NER Flashcards
(38 cards)
What does NER stand for?
Named Entity Recognition
What is a Named Entity?
It is anything with a proper name
People, Locations, Organisations, Events, Dates, Time, Money
What is Named Entity Recognition?
It is the task of labelling a text span with types of named entities
What are some popular NER tags?
People (PER)
Organisations (ORG)
Locations (LOC)
Geo-Political Entity (GPE)
What are NER approached based on?
They are based on tagsets
What is a popular NER tagset? How many types does it define?
The Automatic Contact Extraction (ACE) tagset is a very popular that defines 7 types.
What are some challenges of NER?
It works with spans, so working out how big a phrase needs to be labelled for a NE
Named entity type ambiguity, where a NE can be different types depending on the context
What is the key method used for NER?
We treat it as a sequence labelling problem so we use BIO tagging
What is BIO tagging?
It is a common approach for sequence labelling requiring span-recognition
What does BIO stand for?
Begin, Inside, Outside
What is the idea of BIO tagging?
We assign a tag to each word in our sequence, and each tag may represent the beginning, the middle or the end of something
Explain what the image shows
It shows different types of tagging methods. It shows that IO is difficult to comprehend, as it is difficult to understand where one NE begins and ends. BIO tagging builds on this by using begin labels, which shows where NEs begin. BIOES takes this even further.
What model is used to learn text according to the BIO scheme to identify NEs?
Conditional Random Fields (CRFs)
What type of features are useful for NER?
Non-word features such as captilisation.
Why is the Hidden Markov Model (HMM) not a good model for NER?

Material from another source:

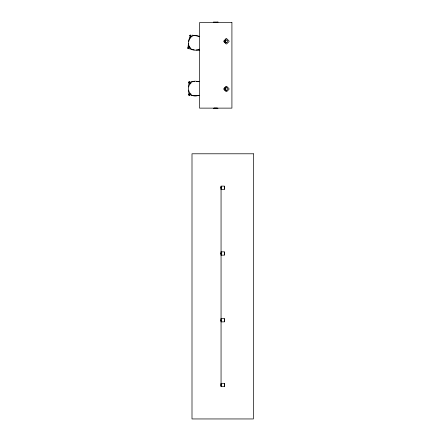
<?xml version="1.0" encoding="UTF-8"?>
<svg xmlns="http://www.w3.org/2000/svg" width="441" height="441" viewBox="0 0 441 441"><rect width="100%" height="100%" fill="white"/><g stroke="black" fill="none" stroke-linecap="round" stroke-linejoin="round"><path stroke-width="0.66" d="M188.505 43.295L188.009 47.303M188.82 41.377L189.553 36.906M190.181 38.477L190.402 37.132M188.836 82.875L188.676 86.91M189.553 83.762L189.658 83.217M221.057 188.274L220.913 187.276M220.913 253.972L220.913 253.024M220.913 320.701L220.913 319.747M221.057 384.442L220.913 385.462M189.845 94.964L189.2 95.614L188.55 94.964L188.737 94.506M190.143 93.156L188.864 94.859L189.619 95.173M224.888 40.506L225.621 39.778L225.88 40.037M224.888 88.2L225.621 87.472L225.88 87.731M188.88 48.24L188.142 48.775L187.601 48.03L187.86 47.606M188.109 47.689L188.009 48.306L188.621 48.405M225.616 40.302C226.828 38.45 223.565 41.719 225.417 40.5M225.616 87.996C226.828 86.144 223.565 89.413 225.417 88.194M190.595 36.614L190.947 36.239M225.004 40.914L226.024 39.888M224.844 42.116L225.153 41.807M225.202 42.485L225.516 42.176M225.572 42.849L225.88 42.54M224.927 88.685L226.024 87.583M224.844 89.81L225.153 89.501M225.202 90.179L225.516 89.865M225.572 90.543L225.88 90.234M221.057 186.251L221.057 189.261M224.342 189.261L224.342 186.251M221.057 251.993L221.057 255.003M224.342 255.003L224.342 251.993M221.057 318.716L221.057 321.732M224.342 321.732L224.342 318.716M221.057 383.477L221.057 386.487M224.342 386.487L224.342 383.477M188.561 47.292L189.465 46.503M190.082 94.793L191.008 94.027M189.145 48.102L190.181 47.501M199.36 49.155C184.829 55.693 184.851 30.049 199.464 36.57M188.991 94.55L189.305 94.418M198.406 95.465C185.231 99.881 185.231 77.329 198.406 81.739M190.826 81.524L194.707 81.524M196.653 81.524L199.238 81.524M190.826 95.532L199.238 95.532M221.057 189.398L224.342 189.398L224.342 186.113L221.057 186.113L221.057 386.625L224.342 386.625L224.342 383.339L221.057 383.339M221.057 251.855L224.342 251.855L224.342 255.141L221.057 255.141M221.057 318.578L224.342 318.578L224.342 321.864L221.057 321.864M192.022 35.131L199.685 36.388M198.053 49.431L199.398 49.646M189.757 48.957L194.227 49.69M196.146 50.004L199.338 50.528M189.465 47.915L189.983 48.108M189.658 81.778L188.742 81.783L188.737 82.699M191.008 83.184L189.305 81.905L188.991 82.66M225.621 42.799L224.783 41.73L225.456 42.116M225.621 90.493L224.783 89.424L225.456 89.81M190.744 35.44L189.95 35.627L190.936 37.518M190.027 35.958L190.314 36.134M225.202 40.087L225.516 40.401M224.838 40.456L225.147 40.765M225.009 41.663L226.029 42.683M225.202 87.781L225.516 88.095M224.838 88.15L225.147 88.459M224.927 89.28L226.029 90.377M225.577 42.237L225.963 42.904L224.893 42.066M191.14 35.892L191.934 36.801M225.577 89.925L225.963 90.598L224.893 89.76M189.376 83.123L190.143 84.055M189.619 82.037L189.746 82.346M189.773 35.958L189.658 35.473L190.407 34.938L190.936 35.682M189.553 93.299L189.658 93.839M188.836 94.181L188.676 90.146M188.864 46.548L188.88 47.099M217.33 22.601L214.1 22.601M217.33 108.128L214.1 108.128M225.18 41.118C227.402 45.996 228.973 37.027 225.18 41.118M225.18 88.812C227.402 93.685 228.973 84.722 225.18 88.812M217.964 22.05L217.496 22.519L213.935 22.519L213.466 22.05L217.964 22.05M225.979 38.786L223.901 40.864A0.595 0.595 0 0 0 223.901 41.713L225.979 43.791A0.595 0.595 0 0 0 226.823 43.791L228.907 41.713A0.595 0.595 0 0 0 228.907 40.864L226.823 38.786A0.595 0.595 0 0 0 225.979 38.786M225.423 39.872L225.059 40.385L225.423 39.872M225.064 42.193L225.423 42.705L225.064 42.193M225.979 86.48L223.901 88.558A0.595 0.595 0 0 0 223.901 89.407L225.979 91.485A0.595 0.595 0 0 0 226.823 91.485L228.907 89.407A0.595 0.595 0 0 0 228.907 88.558L226.823 86.48A0.595 0.595 0 0 0 225.979 86.48M225.423 87.561L225.059 88.079L225.423 87.561M225.064 89.887L225.423 90.399L225.064 89.887M213.935 108.21L213.466 108.679L217.964 108.679L217.496 108.21L213.935 108.21M231.916 22.601L199.514 22.601L199.514 108.128L231.916 108.128L231.916 22.601M253.399 153.788L192 153.788L192 418.95L253.399 418.95L253.399 153.788"/></g></svg>

As they are generative, is is hard to add feature patterns
What type of model is CRF?
It is a discriminative sequence model based on a log-linear model. It is widely used for this type of sequence labelling problem.
What is the input and output for a CRF model, and their lengths?
The input is a sequence of words, the output is a sequence of BIO tags. The length of the input will always be the same as the length of the output
What does CRF want to find?
It wants to find the most probable sequence given a set of all possible sequences for a set of words.
What is the equation for CRF?
Y hat is the most probable sequence, which is found using argmax. We compute the probability for each possible sequence we have given the input words and let argmax take the most probable
What does CRF define?
A function F, which takes an input of a sequence of words and a sequence of BIO tags up to that point.
What needs to be created in order to performed NER?
A set of K features
What does each feature have in a CRF model?
Each feature has a corresponding weight
What is the global feature vector in a CRF model?
It is the sum of all local features
What are the local features in a CRF model?
Local features are features at a particular word index in the sentence. For each index position in the sentence, we use the local feature function to compute the features for that particular position. This can be summed to give a global feature vector for the entire sequence.